The respondent brought successful proceedings in the county court for arrears of rent and insurance rent together with costs, fees and interest. The appellant appealed.

Held: The appeal was dismissed.

The effect of section 178(4) of the 1986 Act was that although the tenant (or an assignee) ceased to be liable for any of the tenant’s covenants following disclaimer, the guarantor remained liable on the guarantee. That objective was achieved by deeming the tenant’s obligations to continue so far as the guarantee agreement was concerned. The rights and liabilities of landlord and guarantor continued as though the lease had continued. The effect of section 178(4)(b) was that the rights and obligations under the guarantee agreement remained as they were. However, the section was not intended to alter those rights and liabilities. If the parties in terms stated that the guarantee was to terminate on disclaimer, effect had to be given to that agreement: Hindcastle Ltd v Barbara Attenborough Associates Ltd [1996] 1 EGLR 94; [1996] 15 EG 103 applied.

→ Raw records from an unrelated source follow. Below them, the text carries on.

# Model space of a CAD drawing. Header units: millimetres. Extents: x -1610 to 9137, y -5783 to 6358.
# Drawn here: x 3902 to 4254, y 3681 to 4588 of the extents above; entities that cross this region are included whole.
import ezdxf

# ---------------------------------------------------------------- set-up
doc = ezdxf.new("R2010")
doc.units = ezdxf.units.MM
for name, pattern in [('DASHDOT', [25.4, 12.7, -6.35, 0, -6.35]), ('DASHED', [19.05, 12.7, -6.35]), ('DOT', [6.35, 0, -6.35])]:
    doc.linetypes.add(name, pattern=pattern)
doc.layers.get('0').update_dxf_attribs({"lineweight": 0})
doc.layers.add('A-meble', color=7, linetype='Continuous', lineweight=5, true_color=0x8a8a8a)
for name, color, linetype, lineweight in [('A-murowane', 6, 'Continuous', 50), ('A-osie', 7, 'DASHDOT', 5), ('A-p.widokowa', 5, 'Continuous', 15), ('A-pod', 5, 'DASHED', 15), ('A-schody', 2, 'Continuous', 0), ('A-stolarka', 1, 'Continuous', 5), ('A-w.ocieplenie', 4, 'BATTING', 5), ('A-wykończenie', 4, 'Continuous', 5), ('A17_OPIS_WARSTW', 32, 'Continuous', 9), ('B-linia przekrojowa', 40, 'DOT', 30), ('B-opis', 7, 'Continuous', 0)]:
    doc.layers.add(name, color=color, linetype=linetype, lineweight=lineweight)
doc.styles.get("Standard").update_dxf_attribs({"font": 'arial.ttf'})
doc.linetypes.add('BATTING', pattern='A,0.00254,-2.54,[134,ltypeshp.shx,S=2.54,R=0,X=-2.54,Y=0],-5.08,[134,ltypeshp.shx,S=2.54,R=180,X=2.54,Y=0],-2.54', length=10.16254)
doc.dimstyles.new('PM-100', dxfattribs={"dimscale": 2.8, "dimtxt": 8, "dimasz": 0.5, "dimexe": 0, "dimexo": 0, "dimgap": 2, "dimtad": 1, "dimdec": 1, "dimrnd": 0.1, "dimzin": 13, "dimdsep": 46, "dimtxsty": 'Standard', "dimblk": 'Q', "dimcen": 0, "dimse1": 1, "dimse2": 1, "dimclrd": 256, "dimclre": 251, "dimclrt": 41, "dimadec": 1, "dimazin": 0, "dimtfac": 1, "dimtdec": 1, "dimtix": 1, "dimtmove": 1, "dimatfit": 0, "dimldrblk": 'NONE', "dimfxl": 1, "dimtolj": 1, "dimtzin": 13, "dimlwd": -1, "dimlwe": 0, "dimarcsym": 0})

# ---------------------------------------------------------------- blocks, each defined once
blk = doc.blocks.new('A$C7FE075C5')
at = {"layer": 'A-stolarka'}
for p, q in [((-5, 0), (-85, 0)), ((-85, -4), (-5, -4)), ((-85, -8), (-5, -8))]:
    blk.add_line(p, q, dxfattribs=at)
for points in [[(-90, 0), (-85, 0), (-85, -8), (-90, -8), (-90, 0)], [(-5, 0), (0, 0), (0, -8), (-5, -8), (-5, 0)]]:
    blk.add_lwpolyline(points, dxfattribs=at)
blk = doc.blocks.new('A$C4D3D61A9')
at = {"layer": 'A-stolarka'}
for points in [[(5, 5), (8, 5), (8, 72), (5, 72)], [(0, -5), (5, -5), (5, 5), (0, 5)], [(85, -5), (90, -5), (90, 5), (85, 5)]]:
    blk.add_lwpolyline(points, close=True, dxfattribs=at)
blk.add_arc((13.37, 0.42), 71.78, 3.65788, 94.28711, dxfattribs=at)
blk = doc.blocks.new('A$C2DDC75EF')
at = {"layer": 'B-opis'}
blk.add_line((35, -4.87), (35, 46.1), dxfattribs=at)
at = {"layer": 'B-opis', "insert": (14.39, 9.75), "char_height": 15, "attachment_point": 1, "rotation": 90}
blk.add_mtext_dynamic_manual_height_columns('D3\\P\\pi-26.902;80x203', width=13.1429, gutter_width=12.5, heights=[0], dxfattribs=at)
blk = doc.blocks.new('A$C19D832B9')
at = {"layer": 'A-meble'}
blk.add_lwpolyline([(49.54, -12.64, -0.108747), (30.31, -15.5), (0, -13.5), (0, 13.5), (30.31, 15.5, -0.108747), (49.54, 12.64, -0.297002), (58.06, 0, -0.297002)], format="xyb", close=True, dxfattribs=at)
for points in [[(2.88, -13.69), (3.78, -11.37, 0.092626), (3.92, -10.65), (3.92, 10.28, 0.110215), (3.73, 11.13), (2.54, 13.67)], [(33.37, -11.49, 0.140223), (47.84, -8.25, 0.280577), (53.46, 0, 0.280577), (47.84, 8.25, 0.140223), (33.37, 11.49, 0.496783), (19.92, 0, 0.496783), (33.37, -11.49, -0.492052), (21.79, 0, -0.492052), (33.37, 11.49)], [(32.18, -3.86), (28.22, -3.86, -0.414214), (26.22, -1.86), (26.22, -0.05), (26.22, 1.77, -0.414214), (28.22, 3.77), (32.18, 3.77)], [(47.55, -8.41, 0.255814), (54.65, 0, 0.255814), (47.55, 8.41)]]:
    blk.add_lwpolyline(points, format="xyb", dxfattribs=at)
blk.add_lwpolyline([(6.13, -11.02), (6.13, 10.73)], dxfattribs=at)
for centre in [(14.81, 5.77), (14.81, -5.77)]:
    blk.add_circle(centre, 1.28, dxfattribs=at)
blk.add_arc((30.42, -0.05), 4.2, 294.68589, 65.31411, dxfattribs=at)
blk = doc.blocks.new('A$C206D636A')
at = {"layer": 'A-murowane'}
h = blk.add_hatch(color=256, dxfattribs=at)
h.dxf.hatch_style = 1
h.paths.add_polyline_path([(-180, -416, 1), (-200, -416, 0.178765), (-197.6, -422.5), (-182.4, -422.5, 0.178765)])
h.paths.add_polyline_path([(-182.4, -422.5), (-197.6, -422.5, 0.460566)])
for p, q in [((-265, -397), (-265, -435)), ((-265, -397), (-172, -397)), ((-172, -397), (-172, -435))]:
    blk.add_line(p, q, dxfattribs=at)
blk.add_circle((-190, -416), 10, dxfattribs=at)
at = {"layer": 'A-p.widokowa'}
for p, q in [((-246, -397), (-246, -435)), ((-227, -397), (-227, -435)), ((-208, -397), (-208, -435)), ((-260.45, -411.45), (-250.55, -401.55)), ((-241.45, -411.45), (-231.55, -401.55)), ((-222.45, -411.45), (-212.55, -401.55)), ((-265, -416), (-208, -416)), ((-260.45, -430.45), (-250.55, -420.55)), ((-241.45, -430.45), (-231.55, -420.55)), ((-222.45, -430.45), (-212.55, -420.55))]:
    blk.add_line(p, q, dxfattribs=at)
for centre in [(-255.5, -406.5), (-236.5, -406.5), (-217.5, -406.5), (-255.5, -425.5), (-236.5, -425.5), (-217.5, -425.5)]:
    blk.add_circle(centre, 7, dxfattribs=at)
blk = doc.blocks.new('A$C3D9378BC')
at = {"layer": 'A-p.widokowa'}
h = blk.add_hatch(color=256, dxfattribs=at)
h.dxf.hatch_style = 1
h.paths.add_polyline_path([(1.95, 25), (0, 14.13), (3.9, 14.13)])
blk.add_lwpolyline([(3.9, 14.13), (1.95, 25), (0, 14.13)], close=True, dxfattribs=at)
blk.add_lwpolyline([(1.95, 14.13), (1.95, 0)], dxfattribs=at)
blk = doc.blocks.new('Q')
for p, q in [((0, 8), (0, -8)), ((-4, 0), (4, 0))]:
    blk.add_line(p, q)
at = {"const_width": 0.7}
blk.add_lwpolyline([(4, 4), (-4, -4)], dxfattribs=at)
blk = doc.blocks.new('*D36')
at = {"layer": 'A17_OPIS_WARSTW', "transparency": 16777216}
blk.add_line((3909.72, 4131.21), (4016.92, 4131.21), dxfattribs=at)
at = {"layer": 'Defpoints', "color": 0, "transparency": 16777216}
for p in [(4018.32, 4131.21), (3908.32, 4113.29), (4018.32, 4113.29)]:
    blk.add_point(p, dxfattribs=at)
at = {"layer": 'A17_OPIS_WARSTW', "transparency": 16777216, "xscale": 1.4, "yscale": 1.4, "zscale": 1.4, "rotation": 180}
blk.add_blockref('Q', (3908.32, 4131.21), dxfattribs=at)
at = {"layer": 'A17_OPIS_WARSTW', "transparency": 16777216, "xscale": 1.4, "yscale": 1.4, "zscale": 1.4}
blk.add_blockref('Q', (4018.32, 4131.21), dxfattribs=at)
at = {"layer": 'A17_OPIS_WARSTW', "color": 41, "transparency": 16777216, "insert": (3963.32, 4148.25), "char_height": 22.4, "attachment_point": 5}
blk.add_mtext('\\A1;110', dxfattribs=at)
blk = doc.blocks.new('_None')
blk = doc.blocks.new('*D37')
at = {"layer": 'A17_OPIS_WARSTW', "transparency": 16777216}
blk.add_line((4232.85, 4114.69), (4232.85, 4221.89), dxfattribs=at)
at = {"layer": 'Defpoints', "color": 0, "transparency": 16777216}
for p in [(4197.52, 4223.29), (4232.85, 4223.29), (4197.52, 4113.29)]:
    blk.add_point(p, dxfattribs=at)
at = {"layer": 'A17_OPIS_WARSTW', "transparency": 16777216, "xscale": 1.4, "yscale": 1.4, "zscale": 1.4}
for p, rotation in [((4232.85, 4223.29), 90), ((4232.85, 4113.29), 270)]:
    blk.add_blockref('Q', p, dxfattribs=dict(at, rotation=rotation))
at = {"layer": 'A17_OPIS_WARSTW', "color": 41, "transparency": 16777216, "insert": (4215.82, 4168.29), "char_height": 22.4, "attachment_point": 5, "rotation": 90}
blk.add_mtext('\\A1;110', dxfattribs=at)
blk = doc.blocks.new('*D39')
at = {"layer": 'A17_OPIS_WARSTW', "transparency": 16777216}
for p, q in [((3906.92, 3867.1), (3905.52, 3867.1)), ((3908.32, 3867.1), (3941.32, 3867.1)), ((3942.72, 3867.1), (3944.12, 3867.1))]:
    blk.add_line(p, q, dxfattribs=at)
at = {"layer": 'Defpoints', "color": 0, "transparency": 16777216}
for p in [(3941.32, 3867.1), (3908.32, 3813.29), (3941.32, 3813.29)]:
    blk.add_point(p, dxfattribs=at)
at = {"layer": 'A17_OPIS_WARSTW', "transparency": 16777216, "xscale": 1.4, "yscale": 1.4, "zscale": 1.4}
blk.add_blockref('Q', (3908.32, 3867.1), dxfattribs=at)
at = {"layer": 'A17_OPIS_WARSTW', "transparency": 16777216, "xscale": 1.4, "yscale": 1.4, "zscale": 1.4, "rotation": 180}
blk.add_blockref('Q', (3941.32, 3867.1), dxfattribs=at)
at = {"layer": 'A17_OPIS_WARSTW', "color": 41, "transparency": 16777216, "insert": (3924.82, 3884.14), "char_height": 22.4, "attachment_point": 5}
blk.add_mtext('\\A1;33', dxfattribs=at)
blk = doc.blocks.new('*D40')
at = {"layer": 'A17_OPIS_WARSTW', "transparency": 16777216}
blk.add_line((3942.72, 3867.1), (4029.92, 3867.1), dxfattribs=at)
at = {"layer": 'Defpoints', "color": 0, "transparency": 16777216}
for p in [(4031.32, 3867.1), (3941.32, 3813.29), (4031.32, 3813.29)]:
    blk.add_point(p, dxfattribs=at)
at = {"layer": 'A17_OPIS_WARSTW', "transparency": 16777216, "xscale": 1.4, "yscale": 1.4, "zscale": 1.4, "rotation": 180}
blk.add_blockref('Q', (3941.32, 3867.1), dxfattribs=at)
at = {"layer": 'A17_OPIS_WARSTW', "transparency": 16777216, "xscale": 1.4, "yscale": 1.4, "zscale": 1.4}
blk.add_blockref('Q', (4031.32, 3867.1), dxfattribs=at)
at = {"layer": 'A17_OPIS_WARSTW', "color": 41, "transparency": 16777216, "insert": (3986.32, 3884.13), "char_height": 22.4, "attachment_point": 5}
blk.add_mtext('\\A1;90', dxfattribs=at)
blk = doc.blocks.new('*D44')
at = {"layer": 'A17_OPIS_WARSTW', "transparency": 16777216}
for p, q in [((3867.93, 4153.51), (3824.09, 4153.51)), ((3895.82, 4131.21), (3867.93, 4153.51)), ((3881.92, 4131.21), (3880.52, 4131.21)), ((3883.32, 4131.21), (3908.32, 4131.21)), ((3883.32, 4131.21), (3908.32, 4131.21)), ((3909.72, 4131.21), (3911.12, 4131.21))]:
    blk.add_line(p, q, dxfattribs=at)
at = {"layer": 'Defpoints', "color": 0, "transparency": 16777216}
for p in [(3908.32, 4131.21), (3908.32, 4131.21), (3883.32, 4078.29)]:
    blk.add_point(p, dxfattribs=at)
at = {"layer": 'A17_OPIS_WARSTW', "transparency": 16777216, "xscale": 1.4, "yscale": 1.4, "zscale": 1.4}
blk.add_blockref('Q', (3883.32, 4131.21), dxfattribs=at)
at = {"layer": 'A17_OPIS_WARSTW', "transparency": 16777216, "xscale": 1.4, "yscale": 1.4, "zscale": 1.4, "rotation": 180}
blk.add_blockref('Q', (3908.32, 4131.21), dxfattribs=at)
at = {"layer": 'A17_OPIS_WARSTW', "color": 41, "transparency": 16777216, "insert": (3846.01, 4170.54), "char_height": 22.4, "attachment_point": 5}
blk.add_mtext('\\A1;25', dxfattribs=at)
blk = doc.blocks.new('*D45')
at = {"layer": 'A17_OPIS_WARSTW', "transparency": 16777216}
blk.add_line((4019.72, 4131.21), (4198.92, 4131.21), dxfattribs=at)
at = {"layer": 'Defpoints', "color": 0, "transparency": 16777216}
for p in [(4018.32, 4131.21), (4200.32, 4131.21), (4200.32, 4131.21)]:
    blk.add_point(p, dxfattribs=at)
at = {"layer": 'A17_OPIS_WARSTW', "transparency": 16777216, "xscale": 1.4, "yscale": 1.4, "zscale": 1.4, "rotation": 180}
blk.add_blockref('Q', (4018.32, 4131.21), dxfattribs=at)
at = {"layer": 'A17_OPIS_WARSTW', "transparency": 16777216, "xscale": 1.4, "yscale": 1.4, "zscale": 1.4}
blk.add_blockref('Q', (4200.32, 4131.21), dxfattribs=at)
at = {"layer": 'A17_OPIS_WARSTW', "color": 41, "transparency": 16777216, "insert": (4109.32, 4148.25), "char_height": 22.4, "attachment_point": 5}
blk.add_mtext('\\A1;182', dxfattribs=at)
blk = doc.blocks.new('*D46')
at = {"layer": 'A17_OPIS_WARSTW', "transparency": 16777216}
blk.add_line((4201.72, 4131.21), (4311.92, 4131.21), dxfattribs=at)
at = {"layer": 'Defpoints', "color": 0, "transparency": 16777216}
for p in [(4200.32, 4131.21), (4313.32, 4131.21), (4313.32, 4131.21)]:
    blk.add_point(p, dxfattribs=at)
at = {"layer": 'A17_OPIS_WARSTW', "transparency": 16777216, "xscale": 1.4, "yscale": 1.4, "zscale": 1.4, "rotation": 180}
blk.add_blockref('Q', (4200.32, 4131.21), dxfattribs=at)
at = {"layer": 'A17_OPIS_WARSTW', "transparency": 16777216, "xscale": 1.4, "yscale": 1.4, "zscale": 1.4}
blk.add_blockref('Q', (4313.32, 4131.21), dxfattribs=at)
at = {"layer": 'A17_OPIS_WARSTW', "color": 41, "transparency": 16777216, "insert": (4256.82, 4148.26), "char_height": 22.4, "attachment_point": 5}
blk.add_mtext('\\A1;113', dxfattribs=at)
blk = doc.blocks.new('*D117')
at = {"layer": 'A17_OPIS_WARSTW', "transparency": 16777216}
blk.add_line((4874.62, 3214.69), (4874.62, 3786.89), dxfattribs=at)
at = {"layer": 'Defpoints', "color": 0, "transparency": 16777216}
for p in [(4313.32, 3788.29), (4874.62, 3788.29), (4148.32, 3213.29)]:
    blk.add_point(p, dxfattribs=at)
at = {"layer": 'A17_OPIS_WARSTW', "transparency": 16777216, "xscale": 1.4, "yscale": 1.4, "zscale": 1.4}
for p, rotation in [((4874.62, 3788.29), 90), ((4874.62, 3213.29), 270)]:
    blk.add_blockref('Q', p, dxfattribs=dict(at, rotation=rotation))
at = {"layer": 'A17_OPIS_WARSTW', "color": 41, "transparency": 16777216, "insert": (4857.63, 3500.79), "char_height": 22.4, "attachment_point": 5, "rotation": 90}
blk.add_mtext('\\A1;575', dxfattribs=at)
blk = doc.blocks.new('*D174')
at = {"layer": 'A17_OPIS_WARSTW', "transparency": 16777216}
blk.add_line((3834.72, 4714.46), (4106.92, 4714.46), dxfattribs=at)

That was the legal landscape in which the crucial question had to be decided whether the liability period as defined in the AGA had come to an end. The meaning and effect of the guarantee obligation, of which the defined liability period formed part, fell to be determined in the context of section 178(4). The duration of the liability period was linked to whether the assignee was bound by the tenant’s covenants in the lease. On the disclaimer, the determination, by virtue of section 178(4)(a), of the assignee’s liability under the lease was subject to the qualification in section 178(4)(b) that, except for the purpose of releasing the assignee from liability, the disclaimer did not affect the liability of any other person. The appellant was such a person with a guarantor liability. She remained liable as guarantor if the assignee was bound by the tenant’s covenants. Although the lease was determined and the assignee ceased to be liable to the respondent under the tenant’s covenants, the assignee was, so far as other parties such as the appellant were concerned, still bound by the tenant’s covenants as though the lease had not been determined. The liability period of the appellant’s guarantee and her liability to the respondent had not therefore terminated. The guarantee liability to the landlord under the AGA survived the disclaimer.

Furthermore, the landlord’s option under the lease of requiring the tenant/guarantor to enter into a new lease was neither inconsistent with the continuation of the surety liability after the disclaimer of the lease nor did it indicate that the parties had intended the liability under the guarantee to come to an end on disclaimer.

Philip Glen (instructed by Horsey Lightly Fynn, of Bournemouth) appeared for the appellant; Timothy Fancourt QC and Edward Peters (instructed by MacDonald Oates, of Petersfield) appeared for the respondent.